One popular explanation put forward by the survey's authors is that the mixed messages women are exposed to during childhood leads to rape fantasies as a form of blame-avoidance: you fantasize about non-consensual sex because you have been conditioned by society to feel shame for desiring sex at all.

This makes sense to me. As a teenage girl, I felt like having sexual desires was something to be ashamed of; something I should deny. Boys would describe girls who masturbated as “rank” and “minging” and pass around videos of porn stars fingering themselves and snigger. In an environment where expressing sexual desire felt forbidden, I created fantastical scenarios in my head that would allow me to enjoy sex.

My obsession with sweaty brutes only grew in high school.
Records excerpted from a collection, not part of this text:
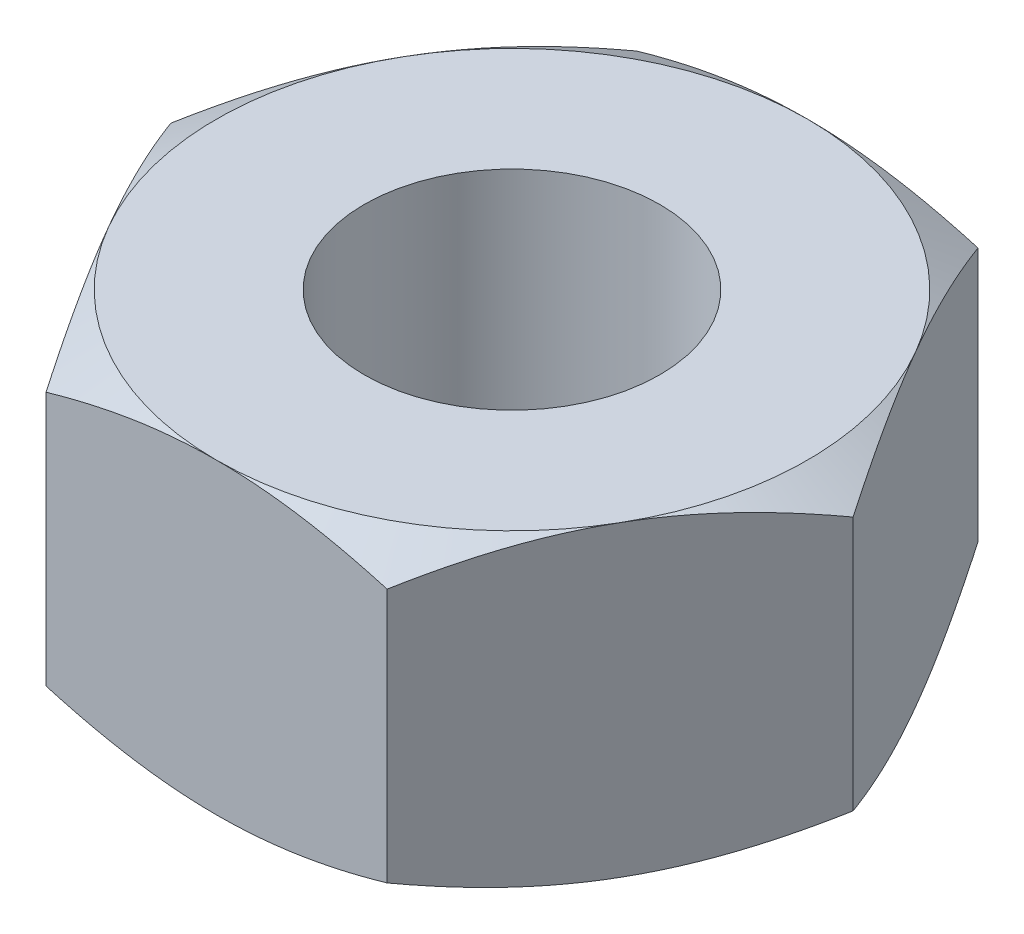
ISO-10303-21;
HEADER;
FILE_DESCRIPTION(('STEP AP214'),'2;1');
FILE_NAME('part.step','',(''),(''),'','','');
FILE_SCHEMA(('AUTOMOTIVE_DESIGN { 1 0 10303 214 1 1 1 1 }'));
ENDSEC;
DATA;
#1=APPLICATION_CONTEXT('core data for automotive mechanical design processes');
#2=APPLICATION_PROTOCOL_DEFINITION('international standard','automotive_design',2000,#1);
#3=PRODUCT_CONTEXT('',#1,'mechanical');
#4=PRODUCT('Part','Part','',(#3));
#5=PRODUCT_RELATED_PRODUCT_CATEGORY('part','',(#4));
#6=PRODUCT_DEFINITION_FORMATION('','',#4);
#7=PRODUCT_DEFINITION_CONTEXT('part definition',#1,'design');
#8=PRODUCT_DEFINITION('design','',#6,#7);
#9=PRODUCT_DEFINITION_SHAPE('','',#8);
#10=(LENGTH_UNIT() NAMED_UNIT(*) SI_UNIT(.MILLI.,.METRE.));
#11=(NAMED_UNIT(*) PLANE_ANGLE_UNIT() SI_UNIT($,.RADIAN.));
#12=(NAMED_UNIT(*) SI_UNIT($,.STERADIAN.) SOLID_ANGLE_UNIT());
#13=UNCERTAINTY_MEASURE_WITH_UNIT(LENGTH_MEASURE(1.E-05),#10,'distance_accuracy_value','');
#14=(GEOMETRIC_REPRESENTATION_CONTEXT(3) GLOBAL_UNCERTAINTY_ASSIGNED_CONTEXT((#13)) GLOBAL_UNIT_ASSIGNED_CONTEXT((#10,
#11,#12)) REPRESENTATION_CONTEXT('',''));
#15=CARTESIAN_POINT('',(0.,0.,0.));
#16=DIRECTION('',(0.,0.,1.));
#17=DIRECTION('',(1.,0.,0.));
#18=AXIS2_PLACEMENT_3D('',#15,#16,#17);
#19=CARTESIAN_POINT('',(0.,-2.6,0.));
#20=DIRECTION('',(0.,1.,0.));
#21=DIRECTION('',(0.,0.,1.));
#22=AXIS2_PLACEMENT_3D('',#19,#20,#21);
#23=PLANE('',#22);
#24=CARTESIAN_POINT('',(0.,-2.6,0.));
#25=DIRECTION('',(0.,1.,0.));
#26=DIRECTION('',(0.,0.,1.));
#27=AXIS2_PLACEMENT_3D('',#24,#25,#26);
#28=CIRCLE('',#27,2.5);
#29=CARTESIAN_POINT('',(0.,-2.6,2.5));
#30=VERTEX_POINT('',#29);
#31=EDGE_CURVE('E337',#30,#30,#28,.T.);
#32=ORIENTED_EDGE('',*,*,#31,.T.);
#33=EDGE_LOOP('',(#32));
#34=FACE_BOUND('',#33,.T.);
#35=CARTESIAN_POINT('',(0.,-2.6,0.));
#36=DIRECTION('',(0.,1.,0.));
#37=DIRECTION('',(0.,0.,1.));
#38=AXIS2_PLACEMENT_3D('',#35,#36,#37);
#39=CIRCLE('',#38,5.);
#40=CARTESIAN_POINT('',(4.3301270189222,-2.6,2.5));
#41=VERTEX_POINT('',#40);
#42=CARTESIAN_POINT('',(0.,-2.6,5.));
#43=VERTEX_POINT('',#42);
#44=EDGE_CURVE('E70',#41,#43,#39,.F.);
#45=ORIENTED_EDGE('',*,*,#44,.T.);
#46=CARTESIAN_POINT('',(-4.3301270189222,-2.6,2.5));
#47=VERTEX_POINT('',#46);
#48=EDGE_CURVE('E148',#43,#47,#39,.F.);
#49=ORIENTED_EDGE('',*,*,#48,.T.);
#50=CARTESIAN_POINT('',(-4.3301270189222,-2.6,-2.50000000000001));
#51=VERTEX_POINT('',#50);
#52=EDGE_CURVE('E286',#47,#51,#39,.F.);
#53=ORIENTED_EDGE('',*,*,#52,.T.);
#54=CARTESIAN_POINT('',(0.,-2.6,-5.00000000000001));
#55=VERTEX_POINT('',#54);
#56=EDGE_CURVE('E291',#51,#55,#39,.F.);
#57=ORIENTED_EDGE('',*,*,#56,.T.);
#58=CARTESIAN_POINT('',(4.33012701892219,-2.6,-2.5));
#59=VERTEX_POINT('',#58);
#60=EDGE_CURVE('E288',#55,#59,#39,.F.);
#61=ORIENTED_EDGE('',*,*,#60,.T.);
#62=EDGE_CURVE('E283',#59,#41,#39,.F.);
#63=ORIENTED_EDGE('',*,*,#62,.T.);
#64=EDGE_LOOP('',(#45,#49,#53,#57,#61,#63));
#65=FACE_BOUND('',#64,.T.);
#66=ADVANCED_FACE('F48',(#34,#65),#23,.F.);
#67=CARTESIAN_POINT('',(0.,2.6,0.));
#68=DIRECTION('',(0.,1.,0.));
#69=DIRECTION('',(0.,0.,1.));
#70=AXIS2_PLACEMENT_3D('',#67,#68,#69);
#71=PLANE('',#70);
#72=CARTESIAN_POINT('',(0.,2.6,0.));
#73=DIRECTION('',(0.,1.,0.));
#74=DIRECTION('',(0.,0.,1.));
#75=AXIS2_PLACEMENT_3D('',#72,#73,#74);
#76=CIRCLE('',#75,2.5);
#77=CARTESIAN_POINT('',(0.,2.6,2.5));
#78=VERTEX_POINT('',#77);
#79=EDGE_CURVE('E168',#78,#78,#76,.T.);
#80=ORIENTED_EDGE('',*,*,#79,.F.);
#81=EDGE_LOOP('',(#80));
#82=FACE_BOUND('',#81,.T.);
#83=CARTESIAN_POINT('',(0.,2.6,0.));
#84=DIRECTION('',(0.,1.,0.));
#85=DIRECTION('',(0.,0.,1.));
#86=AXIS2_PLACEMENT_3D('',#83,#84,#85);
#87=CIRCLE('',#86,5.);
#88=CARTESIAN_POINT('',(0.,2.6,5.));
#89=VERTEX_POINT('',#88);
#90=CARTESIAN_POINT('',(-4.3301270189222,2.6,2.5));
#91=VERTEX_POINT('',#90);
#92=EDGE_CURVE('E328',#89,#91,#87,.F.);
#93=ORIENTED_EDGE('',*,*,#92,.F.);
#94=CARTESIAN_POINT('',(4.3301270189222,2.6,2.5));
#95=VERTEX_POINT('',#94);
#96=EDGE_CURVE('E331',#95,#89,#87,.F.);
#97=ORIENTED_EDGE('',*,*,#96,.F.);
#98=CARTESIAN_POINT('',(4.33012701892219,2.6,-2.5));
#99=VERTEX_POINT('',#98);
#100=EDGE_CURVE('E344',#99,#95,#87,.F.);
#101=ORIENTED_EDGE('',*,*,#100,.F.);
#102=CARTESIAN_POINT('',(0.,2.6,-5.00000000000001));
#103=VERTEX_POINT('',#102);
#104=EDGE_CURVE('E341',#103,#99,#87,.F.);
#105=ORIENTED_EDGE('',*,*,#104,.F.);
#106=CARTESIAN_POINT('',(-4.3301270189222,2.6,-2.50000000000001));
#107=VERTEX_POINT('',#106);
#108=EDGE_CURVE('E339',#107,#103,#87,.F.);
#109=ORIENTED_EDGE('',*,*,#108,.F.);
#110=EDGE_CURVE('E333',#91,#107,#87,.F.);
#111=ORIENTED_EDGE('',*,*,#110,.F.);
#112=EDGE_LOOP('',(#93,#97,#101,#105,#109,#111));
#113=FACE_BOUND('',#112,.T.);
#114=ADVANCED_FACE('F329',(#82,#113),#71,.T.);
#115=CARTESIAN_POINT('',(2.88675134594813,2.6,5.));
#116=DIRECTION('',(-0.866025403784439,0.,-0.5));
#117=DIRECTION('',(-0.5,0.,0.866025403784439));
#118=AXIS2_PLACEMENT_3D('',#115,#116,#117);
#119=PLANE('',#118);
#120=DIRECTION('',(0.,-1.,0.));
#121=VECTOR('',#120,1.);
#122=CARTESIAN_POINT('',(2.88675134594813,2.6,5.));
#123=LINE('',#122,#121);
#124=CARTESIAN_POINT('',(2.88675134594831,2.1534180126149,5.));
#125=VERTEX_POINT('',#124);
#126=CARTESIAN_POINT('',(2.88675134594813,-2.1534180126148,5.));
#127=VERTEX_POINT('',#126);
#128=EDGE_CURVE('E163',#125,#127,#123,.T.);
#129=ORIENTED_EDGE('',*,*,#128,.T.);
#130=CARTESIAN_POINT('',(2.88663587589429,-2.15335134394817,5.0002));
#131=CARTESIAN_POINT('',(3.01349970319368,-2.22661343236236,4.78046540547482));
#132=CARTESIAN_POINT('',(3.14144859993849,-2.29324867808191,4.55885141554042));
#133=CARTESIAN_POINT('',(3.39956193532121,-2.40956100898919,4.11178600454649));
#134=CARTESIAN_POINT('',(3.52973095989718,-2.45919695008421,3.88632664040923));
#135=CARTESIAN_POINT('',(3.78847564779798,-2.5364489745813,3.43816769477649));
#136=CARTESIAN_POINT('',(3.91701101576052,-2.56457962171651,3.21553790689581));
#137=CARTESIAN_POINT('',(4.11026620624322,-2.58980507804632,2.88081009815336));
#138=CARTESIAN_POINT('',(4.17472868879311,-2.59538654023052,2.76915780319494));
#139=CARTESIAN_POINT('',(4.30371322717528,-2.60079778324853,2.5457500293262));
#140=CARTESIAN_POINT('',(4.36823528110589,-2.6006277417418,2.43399455370969));
#141=CARTESIAN_POINT('',(4.54500768479194,-2.59224636820796,2.12781576914936));
#142=CARTESIAN_POINT('',(4.65719946015292,-2.57817022810275,1.93349391403279));
#143=CARTESIAN_POINT('',(4.88083840557981,-2.53353474289057,1.54613989800229));
#144=CARTESIAN_POINT('',(4.9922847895602,-2.50296013985249,1.35310909862843));
#145=CARTESIAN_POINT('',(5.21637431361295,-2.42653150637884,0.964974657525144));
#146=CARTESIAN_POINT('',(5.32898917185759,-2.38035362112132,0.769920001358263));
#147=CARTESIAN_POINT('',(5.55253939626498,-2.27554820550807,0.38271965464123));
#148=CARTESIAN_POINT('',(5.66347762579592,-2.21694529656263,0.190569004591911));
#149=CARTESIAN_POINT('',(5.7736181619501,-2.15335134394817,-0.000200000000002971));
#150=B_SPLINE_CURVE_WITH_KNOTS('',3,(#130,#131,#132,#133,#134,#135,#136,#137,#138,#139,#140,
#141,#142,#143,#144,#145,#146,#147,#148,#149),.UNSPECIFIED.,.F.,.F.,(4,2,2,2,2,2,2,2,2,4),(0.,
0.792555841363092,1.58701660053334,2.36181537487281,2.74884076077326,3.13585419177295,
3.8096236259968,4.4840172390119,5.17336882348929,5.86136694793726),.UNSPECIFIED.);
#151=EDGE_CURVE('E282',#127,#41,#150,.T.);
#152=ORIENTED_EDGE('',*,*,#151,.T.);
#153=CARTESIAN_POINT('',(5.77350269189626,-2.1534180126148,0.));
#154=VERTEX_POINT('',#153);
#155=EDGE_CURVE('E276',#41,#154,#150,.T.);
#156=ORIENTED_EDGE('',*,*,#155,.T.);
#157=DIRECTION('',(0.,-1.,0.));
#158=VECTOR('',#157,1.);
#159=CARTESIAN_POINT('',(5.77350269189626,2.6,0.));
#160=LINE('',#159,#158);
#161=CARTESIAN_POINT('',(5.77350269189626,2.1534180126148,0.));
#162=VERTEX_POINT('',#161);
#163=EDGE_CURVE('E177',#162,#154,#160,.T.);
#164=ORIENTED_EDGE('',*,*,#163,.F.);
#165=CARTESIAN_POINT('',(5.7736181619501,2.15335134394817,-0.000200000000003321));
#166=CARTESIAN_POINT('',(5.64675433465071,2.22661343236237,0.219534594525182));
#167=CARTESIAN_POINT('',(5.5188054379059,2.29324867808191,0.441148584459577));
#168=CARTESIAN_POINT('',(5.26069210252318,2.40956100898919,0.88821399545351));
#169=CARTESIAN_POINT('',(5.13052307794721,2.45919695008421,1.11367335959077));
#170=CARTESIAN_POINT('',(4.87177839004641,2.5364489745813,1.56183230522351));
#171=CARTESIAN_POINT('',(4.74324302208387,2.56457962171651,1.78446209310419));
#172=CARTESIAN_POINT('',(4.54998783160116,2.58980507804632,2.11918990184664));
#173=CARTESIAN_POINT('',(4.48552534905128,2.59538654023052,2.23084219680506));
#174=CARTESIAN_POINT('',(4.35654081066911,2.60079778324853,2.4542499706738));
#175=CARTESIAN_POINT('',(4.2920187567385,2.6006277417418,2.56600544629031));
#176=CARTESIAN_POINT('',(4.11524635305245,2.59224636820796,2.87218423085064));
#177=CARTESIAN_POINT('',(4.00305457769146,2.57817022810275,3.06650608596721));
#178=CARTESIAN_POINT('',(3.77941563226457,2.53353474289057,3.45386010199771));
#179=CARTESIAN_POINT('',(3.66796924828419,2.50296013985249,3.64689090137157));
#180=CARTESIAN_POINT('',(3.44387972423144,2.42653150637884,4.03502534247486));
#181=CARTESIAN_POINT('',(3.3312648659868,2.38035362112132,4.23007999864174));
#182=CARTESIAN_POINT('',(3.1077146415794,2.27554820550807,4.61728034535877));
#183=CARTESIAN_POINT('',(2.99677641204847,2.21694529656263,4.80943099540809));
#184=CARTESIAN_POINT('',(2.88663587589429,2.15335134394817,5.0002));
#185=B_SPLINE_CURVE_WITH_KNOTS('',3,(#165,#166,#167,#168,#169,#170,#171,#172,#173,#174,#175,
#176,#177,#178,#179,#180,#181,#182,#183,#184),.UNSPECIFIED.,.F.,.F.,(4,2,2,2,2,2,2,2,2,4),(0.,
0.792555841363091,1.58701660053333,2.36181537487281,2.74884076077325,3.13585419177295,
3.80962362599679,4.4840172390119,5.17336882348929,5.86136694793726),.UNSPECIFIED.);
#186=EDGE_CURVE('E340',#162,#95,#185,.T.);
#187=ORIENTED_EDGE('',*,*,#186,.T.);
#188=EDGE_CURVE('E215',#95,#125,#185,.T.);
#189=ORIENTED_EDGE('',*,*,#188,.T.);
#190=EDGE_LOOP('',(#129,#152,#156,#164,#187,#189));
#191=FACE_BOUND('',#190,.T.);
#192=ADVANCED_FACE('F50',(#191),#119,.F.);
#193=CARTESIAN_POINT('',(5.77350269189626,2.6,0.));
#194=DIRECTION('',(-0.866025403784438,0.,0.5));
#195=DIRECTION('',(0.5,0.,0.866025403784438));
#196=AXIS2_PLACEMENT_3D('',#193,#194,#195);
#197=PLANE('',#196);
#198=ORIENTED_EDGE('',*,*,#163,.T.);
#199=CARTESIAN_POINT('',(5.7736181619501,-2.15335134394817,0.000199999999996718));
#200=CARTESIAN_POINT('',(5.64675433465071,-2.22661343236237,-0.219534594525188));
#201=CARTESIAN_POINT('',(5.5188054379059,-2.29324867808191,-0.441148584459584));
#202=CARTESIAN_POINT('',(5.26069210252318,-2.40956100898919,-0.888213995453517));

The 2004 period classic Troy was a particular favorite. I would put my hands under fleeced pink pajama bottoms and masturbate in front of my mum’s huge beige desktop computer whilst watching clips I found online of Brad Pitt’s Achilles. My legs would tremble at the thoughts of Achilles’ relationship with imprisoned Trojan queen Briseis (played by Rose Byrne). In one scene, Briseis attempts to kill Achilles by holding a knife to his neck. He quickly throws her over and forces his hands between her legs. Briseis’ response to his assault is conflicted: although she does kiss him back, her first emotion appears fearful. My teenage self was so into their relationship I nearly made a YouTube compilation video of it in black and white with a “My Boo” by Usher backing track.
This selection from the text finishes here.